While the invention has been described in detail in the foregoing general description and specific examples, it will be apparent to those skilled in the art that modifications and improvements can be made thereto. Accordingly, such modifications or improvements may be made without departing from the spirit of the invention and are intended to be within the scope of the invention as claimed.

Claims

1. A cross-industry data processing method is characterized in that business data is abstracted into entities for storage, and the entities are divided into a main entity, a sub-entity, a behavior sub-entity and a business entity according to different logic application modes and storage schemes; the main entity is a carrier of the service data, and data analysis is carried out through data objects in the main entity; the sub-entity has a logic affiliation with the main entity, and the sub-entity comprises affiliated data which is attached to the main entity; the behavior sub-entity has a logic attachment relationship with the main entity, the behavior sub-entity inherits to the sub-entity, and the behavior sub-entity expands behavior characteristic information on the basis of the sub-entity; the business entity is used as a data source of the main entity, the sub-entity and the behavior sub-entity.

2. A cross-industry data processing method according to claim 1, wherein the sub-entities and behavioural sub-entities exist in logical affiliation from a master entity, and a sub-entity or behavioural sub-entity is attached to only one master entity.

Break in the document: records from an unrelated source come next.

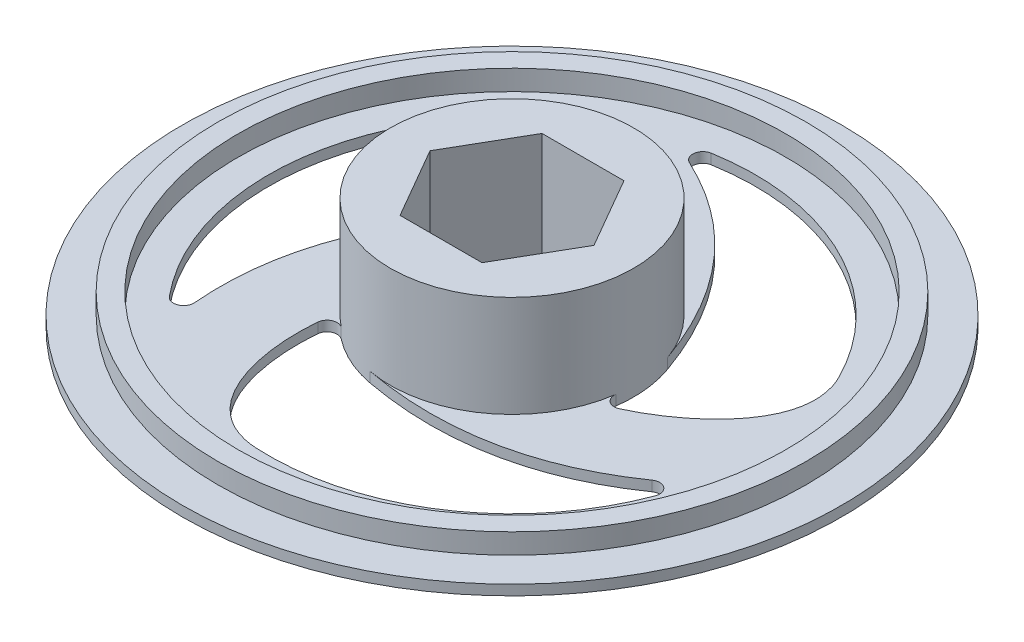
SolidWorks part; units mm, degrees
ref_plane "Alzado" through (0, 0, 0) normal (0, 0, 1) x (1, 0, 0)
ref_plane "Planta" through (0, 0, 0) normal (0, 1, 0) x (1, 0, 0)
ref_plane "Vista lateral" through (0, 0, 0) normal (1, 0, 0) x (0, 0, -1)
sketch "Croquis1" plane through (0, 0, 0) normal (0, 1, 0) x (1, 0, 0)
  circle A12 centre (0, 0) radius 32.5
  dimension "D1" = 65
extrude "Saliente-Extruir1" add sketch "Croquis1" along normal blind 1
sketch "Croquis2" plane through (0, 1, 0) normal (0, 1, 0) x (1, 0, 0)
  circle A0 centre (0, 0) radius 12
  dimension "D1" = 24
extrude "Saliente-Extruir2" add sketch "Croquis2" along normal blind 10
sketch "Croquis3" plane through (0, 0, 0) normal (0, 1, 0) x (1, 0, 0)
  line L0 (0, 0) -> (14.077, 0) construction
  line L1 (4.0415, -7) -> (8.0829, 0)
  line L2 (8.0829, 0) -> (4.0415, 7)
  line L3 (4.0415, 7) -> (-4.0415, 7)
  line L4 (-4.0415, 7) -> (-8.0829, 0)
  line L5 (-8.0829, 0) -> (-4.0415, -7)
  line L6 (-4.0415, -7) -> (4.0415, -7)
  circle A0 centre (0, 0) radius 7 construction
  point P1 (7.9303, -0.787)
  point P10 (7.864, 0)
  dimension "D1" = 14
extrude "Cortar-Extruir1" cut sketch "Croquis3" along normal through all both and the other way through all
sketch "Croquis4" plane through (0, 1, 0) normal (0, 1, 0) x (1, 0, 0)
  circle A0 centre (0, 0) radius 27
  circle A1 centre (0, 0) radius 29
  dimension "D1" = 54
  dimension "D2" = 58
extrude "Saliente-Extruir3" add sketch "Croquis4" along normal blind 2
sketch "Croquis5" plane through (0, 1, 0) normal (0, 1, 0) x (1, 0, 0)
  arc A0 (-20.1246, 13.0767) -> (-16.3192, -17.5978) centre (0, 0) ccw
  circle A1 centre (0, 0) radius 12 construction
  circle A2 centre (0, 0) radius 12 construction
  arc A3 (-8.6949, -8.2704) -> (-2.1879, -11.7989) centre (0, 0) ccw
  arc A4 (-0.5801, 11.986) -> (-9.1242, 7.7942) centre (0, 0) ccw
  arc A5 (11.5098, -3.3948) -> (11.3121, 4.0047) centre (0, 0) ccw
  arc A6 (-1.2625, -23.9668) -> (23.3998, -5.3339) centre (0, 0) ccw
  arc A7 (21.3871, 10.8901) -> (-7.0806, 22.9318) centre (0, 0) ccw
  spline S0 degree 3 poles (-0.5801, 11.986) (-4.8674, 14.9037) (-15.6964, 19.8915) (-20.1246, 13.0767) knots 0 0 0 0 1 1 1 1
  spline S1 degree 2 poles (-16.3192, -17.5978) (-18.8195, -3.5555) (-9.1242, 7.7942) knots 0 0 0 1 1 1
  spline S2 degree 2 poles (-7.0806, 22.9318) (6.3306, 18.076) (11.3121, 4.0047) knots 0 0 0 1 1 1
  spline S3 degree 3 poles (11.5098, -3.3948) (16.2095, -1.9284) (24.8444, 4.1003) (21.3871, 10.8901) knots 0 0 0 0 1 1 1 1
  spline S4 degree 2 poles (23.3998, -5.3339) (12.489, -14.5204) (-2.1879, -11.7989) knots 0 0 0 1 1 1
  spline S5 degree 3 poles (-8.6949, -8.2704) (-9.7748, -13.0737) (-8.8712, -23.566) (-1.2625, -23.9668) knots 0 0 0 0 1 1 1 1
  point P13 (-0.5801, 11.986)
  point P14 (-7.5792, 15.4436)
  point P28 (0, 0)
  dimension "D1" = 48
extrude "Cortar-Extruir2" cut sketch "Croquis5" against normal through all both and the other way through all
fillet "Redondeo1" radius 1 9 edges at (-7.0806, 0.5, -22.9318) (11.5098, 0.5, 3.3948) (21.3871, 0.5, -10.8901) (23.3998, 0.5, 5.3339) (-8.6949, 0.5, 8.2704) (-1.2625, 0.5, 23.9668) (-16.3192, 0.5, 17.5978) (-0.5801, 0.5, -11.986) (-20.1246, 0.5, -13.0767)

3. The cross-industry data processing method of claim 1, wherein a one-to-many or many-to-one association exists between the master entities of different business data.

4. The cross-industry data processing method according to claim 1, wherein each business data is subjected to data structure and field customization, and the customized business data is independently stored to realize isolation between the business data.

5. The cross-industry data processing method according to claim 4, wherein a plurality of service data isolated from each other are aggregated according to requirements in a form of push and association configuration.

6. The cross-industry data processing method according to claim 1, wherein the business data is subjected to management of two dimensions, namely functional modularization and data personalization;

7. The cross-industry data processing method of claim 1, wherein the relationship between the source and the destination entity of the business data is defined as a blood-lineage relationship, and the object of the blood-lineage relationship includes business entity to host entity, business entity to sub-entity, business entity to behavioral sub-entity, or host entity to host entity.

8. The cross-industry data processing method according to claim 7, wherein the business data is subjected to data flow display through a data blood edge analysis chart, data problem positioning is performed through the data blood edge analysis chart, and the positioned data with problems are re-extracted or pushed by using upstream and downstream business data.

9. The cross-industry data processing method of claim 1, wherein the collected business data is subjected to data cleaning, and the data cleaning comprises value replacement, interception length, UTM value extraction and MD5 aggregation.